As the metal is a good heat conductor (and we are not talking about a wooden spoon!), and there is some part inside the liquid and other outside, it should help with the heat transfer, right?

A side question about this is what is better, to put it like normal or reversed, with the handle inside the cup? (I think it is better reversed, as there is more surface in contact with the air, as in the CPU heat sinks).

Insert and remove the spoon repeatedly:

The reasoning about this is that the spoon cools off faster when it's outside.
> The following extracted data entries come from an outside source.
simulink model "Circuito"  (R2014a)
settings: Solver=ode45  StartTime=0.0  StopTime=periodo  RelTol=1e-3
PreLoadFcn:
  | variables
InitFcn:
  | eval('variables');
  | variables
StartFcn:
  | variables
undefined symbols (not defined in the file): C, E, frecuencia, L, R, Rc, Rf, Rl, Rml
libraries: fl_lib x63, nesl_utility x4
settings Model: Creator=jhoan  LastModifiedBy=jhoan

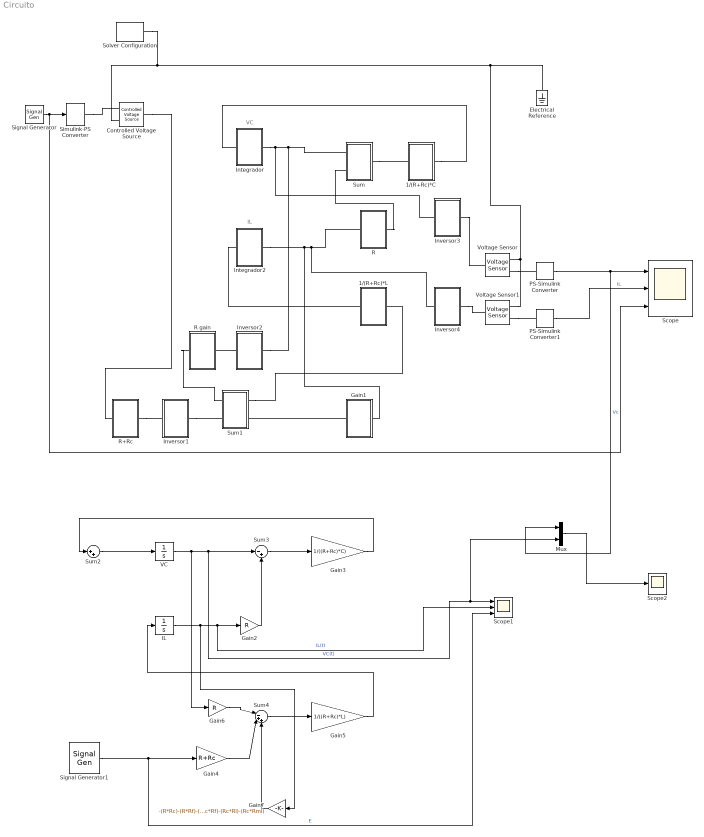
== system Circuito ==
  note: IL
  note: VC
  1/(R+Rc)*C : Subsystem
  1/(R+Rc)*L : Subsystem
  Controlled Voltage Source : fl_lib/Electrical/Electrical Sources/Controlled Voltage Source
  Electrical Reference : fl_lib/Electrical/Electrical Elements/Electrical Reference
  Gain1 : Subsystem
  Gain2 : Gain  Gain=R
  Gain3 : Gain  Gain=1/((R+Rc)*C)
  Gain4 : Gain  Gain=R+Rc
  Gain5 : Gain  Gain=1/((R+Rc)*L)
  Gain6 : Gain  Gain=R
  Gain7 : Gain  Gain=-(R*Rc)-(R*Rf)-(R*Rl)-(R*Rml)-(Rc*Rf)-(Rc*Rl)-(Rc*Rml)
  IL : Integrator
  Integrador : Subsystem
  Integrador2 : Subsystem
  Inversor1 : Subsystem
  Inversor2 : Subsystem
  Inversor3 : Subsystem
  Inversor4 : Subsystem
  Mux : Mux  Inputs=2
  PS-Simulink Converter : nesl_utility/PS-Simulink Converter  PhysicalDomain=network_engine_domain  SubClassName=ps_output  LeftPortType=input  RightPortType=output  PseudoPeriodic=off  Frequencies=[]  Unit=1  AffineConversion=off
  PS-Simulink Converter1 : nesl_utility/PS-Simulink Converter  PhysicalDomain=network_engine_domain  SubClassName=ps_output  LeftPortType=input  RightPortType=output  PseudoPeriodic=off  Frequencies=[]  Unit=1  AffineConversion=off
  R : Subsystem
  R gain : Subsystem
  R+Rc : Subsystem
  Scope : Scope  NumInputPorts=3
      settings: YMin=-5~-5~-5  YMax=5~5~5
  Scope1 : Scope  NumInputPorts=3
      settings: YMin=-5~-5~-5  YMax=5~5~5  SaveName=subSimulink
  Scope2 : Scope
      settings: SaveName=subSimulink1
  Signal Generator : SignalGenerator  WaveForm=square  Amplitude=E  Frequency=frecuencia
  Signal Generator1 : SignalGenerator  WaveForm=square  Amplitude=E  Frequency=frecuencia
  Simulink-PS Converter : nesl_utility/Simulink-PS Converter  PhysicalDomain=network_engine_domain  SubClassName=ps_input  LeftPortType=input  RightPortType=output  PseudoPeriodic=off  Frequencies=[]  NoiseDistribution=none  NoiseParameters=[]  Unit=1  AffineConversion=off  InputFiltering=off  SimscapeFilterOrder=1  InputFilterTimeConstant=0.001  UdotUserProvided=1
  Solver Configuration : nesl_utility/Solver Configuration  PhysicalDomain=network_engine_domain  SubClassName=solver  LeftPortType=input  RightPortType=generic  Accelerate=off  Tones=[]  Harmonics=[]  SimulateNoise=off  Profile=off  UseLocalSampling=off  EnableSwitchedLinearOptims=on  FrequencyDomain=off  UseCCode=off  RelTol=0.001  AbsTol=1e-06  MinStep=1e-09  ToWorkspace=off  DoDC=off  ResidualTolerance=1e-09  UseLocalSolver=off  LocalSolverChoice=NE_BACKWARD_EULER_ADVANCER  LocalSolverSampleTime=0.001  DoFixedCost=off  MaxNonlinIter=3  MaxModeIter=2  LinearAlgebra=Sparse  DelaysMemoryBudget=1024  AutomaticFiltering=on  FilteringTimeConstant=0.001
  Sum : Subsystem
  Sum1 : Subsystem
  Sum2 : Sum  Inputs=|++
  Sum3 : Sum  Inputs=|-+
  Sum4 : Sum  Inputs=|-++
  VC : Integrator
  Voltage Sensor : fl_lib/Electrical/Electrical Sensors/Voltage Sensor
  Voltage Sensor1 : fl_lib/Electrical/Electrical Sensors/Voltage Sensor
  wires:
  PS-Simulink Converter/1 -> Mux/1, Scope/1  "Vc"
  PS-Simulink Converter1/1 -> Scope/2  "IL"
  Signal Generator/1 -> Scope/3, Simulink-PS Converter/1
  Sum2/1 -> VC/1
  IL/1 -> Gain7/1, Scope1/2, Gain2/1  "IL(t)"
  VC/1 -> Gain6/1, Mux/2, Scope1/1, Sum3/1  "VC(t)"
  Gain2/1 -> Sum3/2
  Sum3/1 -> Gain3/1
  Gain3/1 -> Sum2/1
  Signal Generator1/1 -> Scope1/3, Gain4/1  "E"
  Gain4/1 -> Sum4/2
  Sum4/1 -> Gain5/1
  Gain6/1 -> Sum4/1
  Gain5/1 -> IL/1
  Gain7/1 -> Sum4/3
  Mux/1 -> Scope2/1
  connections:
  Solver Configuration/RConn1 -- Controlled Voltage Source/RConn2 -- Electrical Reference/LConn1 -- Voltage Sensor1/RConn2 -- Voltage Sensor/RConn2
  Integrador/RConn1 -- Inversor3/LConn1 -- Inversor2/LConn1 -- Sum/LConn1
  Integrador2/RConn1 -- Gain1/LConn1 -- Inversor4/LConn1 -- R/LConn1
  R/RConn1 -- Sum/LConn2
  Sum/RConn1 -- 1/(R+Rc)*C/LConn1
  1/(R+Rc)*C/RConn1 -- Integrador/LConn1
  Voltage Sensor/RConn1 -- PS-Simulink Converter/LConn1
  Simulink-PS Converter/RConn1 -- Controlled Voltage Source/RConn1
  Controlled Voltage Source/LConn1 -- R+Rc/LConn1
  Inversor2/RConn1 -- R gain/LConn1
  R gain/RConn1 -- Sum1/LConn1
  Sum1/RConn1 -- 1/(R+Rc)*L/LConn1
  1/(R+Rc)*L/RConn1 -- Integrador2/LConn1
  Voltage Sensor1/RConn1 -- PS-Simulink Converter1/LConn1
  R+Rc/RConn1 -- Inversor1/LConn1
  Inversor1/RConn1 -- Sum1/LConn2
  Gain1/RConn1 -- Sum1/RConn2
  Inversor3/RConn1 -- Voltage Sensor/LConn1
  Inversor4/RConn1 -- Voltage Sensor1/LConn1

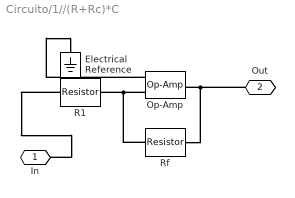
== system Circuito/1//(R+Rc)*C ==
  Electrical Reference : fl_lib/Electrical/Electrical Elements/Electrical Reference
  Op-Amp : fl_lib/Electrical/Electrical Elements/Op-Amp  outI_specify=off  outI_priority=High  outI=0 A
  R1 : fl_lib/Electrical/Electrical Elements/Resistor  R=(R+Rc)*C Ohm  i_specify=off  i_priority=High  i=0 A  v_specify=off  v_priority=High  v=0 V
  Rf : fl_lib/Electrical/Electrical Elements/Resistor  R=1 Ohm  i_specify=off  i_priority=High  i=0 A  v_specify=off  v_priority=High  v=0 V
  In : PMIOPort  Port=1  Side=Left
  Out : PMIOPort  Port=2  Side=Right
  connections:
  R1/LConn1 -- In/RConn1
  Out/RConn1 -- Rf/RConn1 -- Op-Amp/RConn1
  Op-Amp/LConn1 -- Electrical Reference/LConn1
  Op-Amp/LConn2 -- Rf/LConn1 -- R1/RConn1

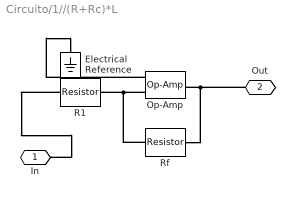
== system Circuito/1//(R+Rc)*L ==
  Electrical Reference : fl_lib/Electrical/Electrical Elements/Electrical Reference
  Op-Amp : fl_lib/Electrical/Electrical Elements/Op-Amp  outI_specify=off  outI_priority=High  outI=0 A
  R1 : fl_lib/Electrical/Electrical Elements/Resistor  R=(R+Rc)*L Ohm  i_specify=off  i_priority=High  i=0 A  v_specify=off  v_priority=High  v=0 V
  Rf : fl_lib/Electrical/Electrical Elements/Resistor  R=1 Ohm  i_specify=off  i_priority=High  i=0 A  v_specify=off  v_priority=High  v=0 V
  In : PMIOPort  Port=1  Side=Left
  Out : PMIOPort  Port=2  Side=Right
  connections:
  R1/LConn1 -- In/RConn1
  Out/RConn1 -- Rf/RConn1 -- Op-Amp/RConn1
  Op-Amp/LConn1 -- Electrical Reference/LConn1
  Op-Amp/LConn2 -- Rf/LConn1 -- R1/RConn1

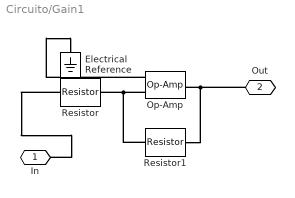
== system Circuito/Gain1 ==
  Electrical Reference : fl_lib/Electrical/Electrical Elements/Electrical Reference
  Op-Amp : fl_lib/Electrical/Electrical Elements/Op-Amp  outI_specify=off  outI_priority=High  outI=0 A
  Resistor : fl_lib/Electrical/Electrical Elements/Resistor  R=1 Ohm  i_specify=off  i_priority=High  i=0 A  v_specify=off  v_priority=High  v=0 V
  Resistor1 : fl_lib/Electrical/Electrical Elements/Resistor  R=(R*Rc)+(R*Rf)+(R*Rl)+(R*Rml)+(Rc*Rf)+(Rc*Rl)+(Rc*Rml) Ohm  i_specify=off  i_priority=High  i=0 A  v_specify=off  v_priority=High  v=0 V
  In : PMIOPort  Port=1  Side=Left
  Out : PMIOPort  Port=2  Side=Right
  connections:
  Resistor/LConn1 -- In/RConn1
  Out/RConn1 -- Resistor1/RConn1 -- Op-Amp/RConn1
  Op-Amp/LConn1 -- Electrical Reference/LConn1
  Op-Amp/LConn2 -- Resistor1/LConn1 -- Resistor/RConn1

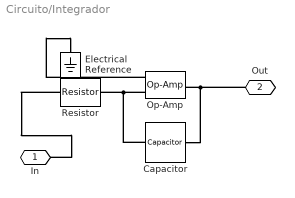
== system Circuito/Integrador ==
  Capacitor : fl_lib/Electrical/Electrical Elements/Capacitor  c=1e-6 F  r=1e-6 Ohm  g=0 1/Ohm  i_specify=off  i_priority=High  i=0 A  v_specify=off  v_priority=High  v=0 V  vc_specify=off  vc_priority=High  vc=0 V
  Electrical Reference : fl_lib/Electrical/Electrical Elements/Electrical Reference
  Op-Amp : fl_lib/Electrical/Electrical Elements/Op-Amp  outI_specify=off  outI_priority=High  outI=0 A
  Resistor : fl_lib/Electrical/Electrical Elements/Resistor  R=1 MOhm  i_specify=off  i_priority=High  i=0 A  v_specify=off  v_priority=High  v=0 V
  In : PMIOPort  Port=1  Side=Left
  Out : PMIOPort  Port=2  Side=Right
  connections:
  Resistor/LConn1 -- In/RConn1
  Capacitor/RConn1 -- Out/RConn1 -- Op-Amp/RConn1
  Op-Amp/LConn1 -- Electrical Reference/LConn1
  Op-Amp/LConn2 -- Capacitor/LConn1 -- Resistor/RConn1

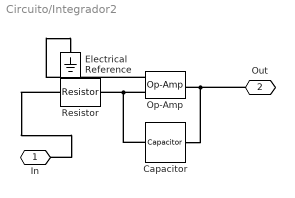
== system Circuito/Integrador2 ==
  Capacitor : fl_lib/Electrical/Electrical Elements/Capacitor  c=1e-6 F  r=1e-6 Ohm  g=0 1/Ohm  i_specify=off  i_priority=High  i=0 A  v_specify=off  v_priority=High  v=0 V  vc_specify=off  vc_priority=High  vc=0 V
  Electrical Reference : fl_lib/Electrical/Electrical Elements/Electrical Reference
  Op-Amp : fl_lib/Electrical/Electrical Elements/Op-Amp  outI_specify=off  outI_priority=High  outI=0 A
  Resistor : fl_lib/Electrical/Electrical Elements/Resistor  R=1 MOhm  i_specify=off  i_priority=High  i=0 A  v_specify=off  v_priority=High  v=0 V
  In : PMIOPort  Port=1  Side=Left
  Out : PMIOPort  Port=2  Side=Right
  connections:
  Resistor/LConn1 -- In/RConn1
  Capacitor/RConn1 -- Out/RConn1 -- Op-Amp/RConn1
  Op-Amp/LConn1 -- Electrical Reference/LConn1
  Op-Amp/LConn2 -- Capacitor/LConn1 -- Resistor/RConn1

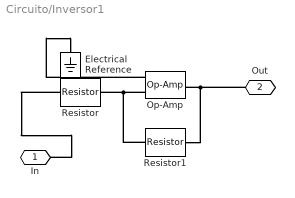
== system Circuito/Inversor1 ==
  Electrical Reference : fl_lib/Electrical/Electrical Elements/Electrical Reference
  Op-Amp : fl_lib/Electrical/Electrical Elements/Op-Amp  outI_specify=off  outI_priority=High  outI=0 A
  Resistor : fl_lib/Electrical/Electrical Elements/Resistor  R=1 kOhm  i_specify=off  i_priority=High  i=0 A  v_specify=off  v_priority=High  v=0 V
  Resistor1 : fl_lib/Electrical/Electrical Elements/Resistor  R=1 kOhm  i_specify=off  i_priority=High  i=0 A  v_specify=off  v_priority=High  v=0 V
  In : PMIOPort  Port=1  Side=Left
  Out : PMIOPort  Port=2  Side=Right
  connections:
  Resistor/LConn1 -- In/RConn1
  Out/RConn1 -- Resistor1/RConn1 -- Op-Amp/RConn1
  Op-Amp/LConn1 -- Electrical Reference/LConn1
  Op-Amp/LConn2 -- Resistor1/LConn1 -- Resistor/RConn1

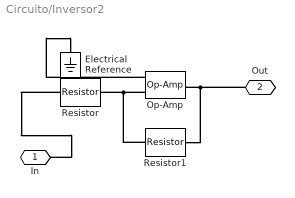
== system Circuito/Inversor2 ==
  Electrical Reference : fl_lib/Electrical/Electrical Elements/Electrical Reference
  Op-Amp : fl_lib/Electrical/Electrical Elements/Op-Amp  outI_specify=off  outI_priority=High  outI=0 A
  Resistor : fl_lib/Electrical/Electrical Elements/Resistor  R=1 kOhm  i_specify=off  i_priority=High  i=0 A  v_specify=off  v_priority=High  v=0 V
  Resistor1 : fl_lib/Electrical/Electrical Elements/Resistor  R=1 kOhm  i_specify=off  i_priority=High  i=0 A  v_specify=off  v_priority=High  v=0 V
  In : PMIOPort  Port=1  Side=Left
  Out : PMIOPort  Port=2  Side=Right
  connections:
  Resistor/LConn1 -- In/RConn1
  Out/RConn1 -- Resistor1/RConn1 -- Op-Amp/RConn1
  Op-Amp/LConn1 -- Electrical Reference/LConn1
  Op-Amp/LConn2 -- Resistor1/LConn1 -- Resistor/RConn1

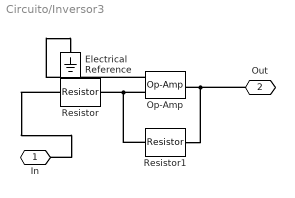
== system Circuito/Inversor3 ==
  Electrical Reference : fl_lib/Electrical/Electrical Elements/Electrical Reference
  Op-Amp : fl_lib/Electrical/Electrical Elements/Op-Amp  outI_specify=off  outI_priority=High  outI=0 A
  Resistor : fl_lib/Electrical/Electrical Elements/Resistor  R=1 kOhm  i_specify=off  i_priority=High  i=0 A  v_specify=off  v_priority=High  v=0 V
  Resistor1 : fl_lib/Electrical/Electrical Elements/Resistor  R=1 kOhm  i_specify=off  i_priority=High  i=0 A  v_specify=off  v_priority=High  v=0 V
  In : PMIOPort  Port=1  Side=Left
  Out : PMIOPort  Port=2  Side=Right
  connections:
  Resistor/LConn1 -- In/RConn1
  Out/RConn1 -- Resistor1/RConn1 -- Op-Amp/RConn1
  Op-Amp/LConn1 -- Electrical Reference/LConn1
  Op-Amp/LConn2 -- Resistor1/LConn1 -- Resistor/RConn1

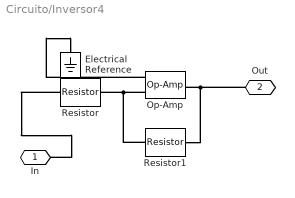
== system Circuito/Inversor4 ==
  Electrical Reference : fl_lib/Electrical/Electrical Elements/Electrical Reference
  Op-Amp : fl_lib/Electrical/Electrical Elements/Op-Amp  outI_specify=off  outI_priority=High  outI=0 A
  Resistor : fl_lib/Electrical/Electrical Elements/Resistor  R=1 kOhm  i_specify=off  i_priority=High  i=0 A  v_specify=off  v_priority=High  v=0 V
  Resistor1 : fl_lib/Electrical/Electrical Elements/Resistor  R=1 kOhm  i_specify=off  i_priority=High  i=0 A  v_specify=off  v_priority=High  v=0 V
  In : PMIOPort  Port=1  Side=Left
  Out : PMIOPort  Port=2  Side=Right
  connections:
  Resistor/LConn1 -- In/RConn1
  Out/RConn1 -- Resistor1/RConn1 -- Op-Amp/RConn1
  Op-Amp/LConn1 -- Electrical Reference/LConn1
  Op-Amp/LConn2 -- Resistor1/LConn1 -- Resistor/RConn1

== system Circuito/R ==
  Electrical Reference : fl_lib/Electrical/Electrical Elements/Electrical Reference
  Op-Amp : fl_lib/Electrical/Electrical Elements/Op-Amp  outI_specify=off  outI_priority=High  outI=0 A
  R1 : fl_lib/Electrical/Electrical Elements/Resistor  R=1 Ohm  i_specify=off  i_priority=High  i=0 A  v_specify=off  v_priority=High  v=0 V
  Rf : fl_lib/Electrical/Electrical Elements/Resistor  R=R Ohm  i_specify=off  i_priority=High  i=0 A  v_specify=off  v_priority=High  v=0 V
  In : PMIOPort  Port=1  Side=Left
  Out : PMIOPort  Port=2  Side=Right
  connections:
  R1/LConn1 -- In/RConn1
  Out/RConn1 -- Rf/RConn1 -- Op-Amp/RConn1
  Op-Amp/LConn1 -- Electrical Reference/LConn1
  Op-Amp/LConn2 -- Rf/LConn1 -- R1/RConn1

== system Circuito/R gain ==
  Electrical Reference : fl_lib/Electrical/Electrical Elements/Electrical Reference
  Op-Amp : fl_lib/Electrical/Electrical Elements/Op-Amp  outI_specify=off  outI_priority=High  outI=0 A
  Resistor : fl_lib/Electrical/Electrical Elements/Resistor  R=1 Ohm  i_specify=off  i_priority=High  i=0 A  v_specify=off  v_priority=High  v=0 V
  Resistor1 : fl_lib/Electrical/Electrical Elements/Resistor  R=R Ohm  i_specify=off  i_priority=High  i=0 A  v_specify=off  v_priority=High  v=0 V
  In : PMIOPort  Port=1  Side=Left
  Out : PMIOPort  Port=2  Side=Right
  connections:
  Resistor/LConn1 -- In/RConn1
  Out/RConn1 -- Resistor1/RConn1 -- Op-Amp/RConn1
  Op-Amp/LConn1 -- Electrical Reference/LConn1
  Op-Amp/LConn2 -- Resistor1/LConn1 -- Resistor/RConn1

== system Circuito/R+Rc ==
  Electrical Reference : fl_lib/Electrical/Electrical Elements/Electrical Reference
  Op-Amp : fl_lib/Electrical/Electrical Elements/Op-Amp  outI_specify=off  outI_priority=High  outI=0 A
  R1 : fl_lib/Electrical/Electrical Elements/Resistor  R=1 Ohm  i_specify=off  i_priority=High  i=0 A  v_specify=off  v_priority=High  v=0 V
  Rf : fl_lib/Electrical/Electrical Elements/Resistor  R=R+Rc Ohm  i_specify=off  i_priority=High  i=0 A  v_specify=off  v_priority=High  v=0 V
  In : PMIOPort  Port=1  Side=Left
  Out : PMIOPort  Port=2  Side=Right
  connections:
  R1/LConn1 -- In/RConn1
  Out/RConn1 -- Rf/RConn1 -- Op-Amp/RConn1
  Op-Amp/LConn1 -- Electrical Reference/LConn1
  Op-Amp/LConn2 -- Rf/LConn1 -- R1/RConn1

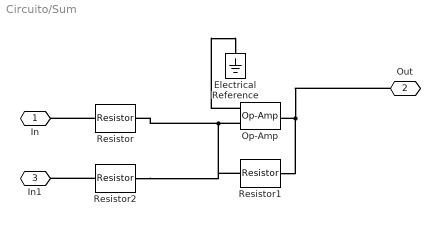
== system Circuito/Sum ==
  Electrical Reference : fl_lib/Electrical/Electrical Elements/Electrical Reference
  Op-Amp : fl_lib/Electrical/Electrical Elements/Op-Amp  outI_specify=off  outI_priority=High  outI=0 A
  Resistor : fl_lib/Electrical/Electrical Elements/Resistor  R=1 kOhm  i_specify=off  i_priority=High  i=0 A  v_specify=off  v_priority=High  v=0 V
  Resistor1 : fl_lib/Electrical/Electrical Elements/Resistor  R=1 kOhm  i_specify=off  i_priority=High  i=0 A  v_specify=off  v_priority=High  v=0 V
  Resistor2 : fl_lib/Electrical/Electrical Elements/Resistor  R=1 kOhm  i_specify=off  i_priority=High  i=0 A  v_specify=off  v_priority=High  v=0 V
  In : PMIOPort  Port=1  Side=Left
  Out : PMIOPort  Port=2  Side=Right
  In1 : PMIOPort  Port=3  Side=Left
  connections:
  Resistor/LConn1 -- In/RConn1
  Out/RConn1 -- Resistor1/RConn1 -- Op-Amp/RConn1
  Op-Amp/LConn1 -- Electrical Reference/LConn1
  Op-Amp/LConn2 -- Resistor2/RConn1 -- Resistor1/LConn1 -- Resistor/RConn1
  Resistor2/LConn1 -- In1/RConn1

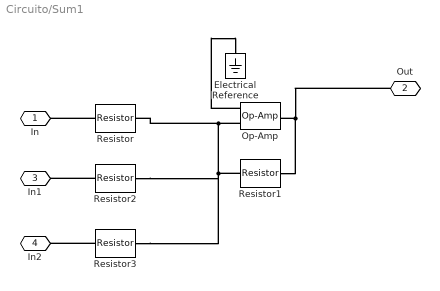
== system Circuito/Sum1 ==
  Electrical Reference : fl_lib/Electrical/Electrical Elements/Electrical Reference
  Op-Amp : fl_lib/Electrical/Electrical Elements/Op-Amp  outI_specify=off  outI_priority=High  outI=0 A
  Resistor{,1..3} (4 alike) : fl_lib/Electrical/Electrical Elements/Resistor  R=1 kOhm  i_specify=off  i_priority=High  i=0 A  v_specify=off  v_priority=High  v=0 V
  In : PMIOPort  Port=1  Side=Left
  Out : PMIOPort  Port=2  Side=Right
  In1 : PMIOPort  Port=3  Side=Left
  In2 : PMIOPort  Port=4  Side=Right
  connections:
  Resistor/LConn1 -- In/RConn1
  Out/RConn1 -- Op-Amp/RConn1 -- Resistor1/RConn1
  Op-Amp/LConn1 -- Electrical Reference/LConn1
  Op-Amp/LConn2 -- Resistor/RConn1 -- Resistor3/RConn1 -- Resistor2/RConn1 -- Resistor1/LConn1
  Resistor2/LConn1 -- In1/RConn1
  Resistor3/LConn1 -- In2/RConn1

(I personally think it doesn't pay off the difference between keeping it always inside, as as it gets cooler, the lesser the temperature gradient and the worse for the heat transfer).

Answer 1

I We did the experiment. (Early results indicate that dipping may win, though the final conclusion is uncertain.)

• $\mathrm{H_2O}$ ice bath
• canning jar
• thermometer
• pot of boiling water
• stop watch

There were four trials, each lasting 10 minutes. Boiling water was poured into the canning jar, and the spoon was taken from the ice bath and placed into the jar. A temperature reading was taken once a minute. After each trial the water was poured back into the boiling pot and the spoon was placed back into the ice bath.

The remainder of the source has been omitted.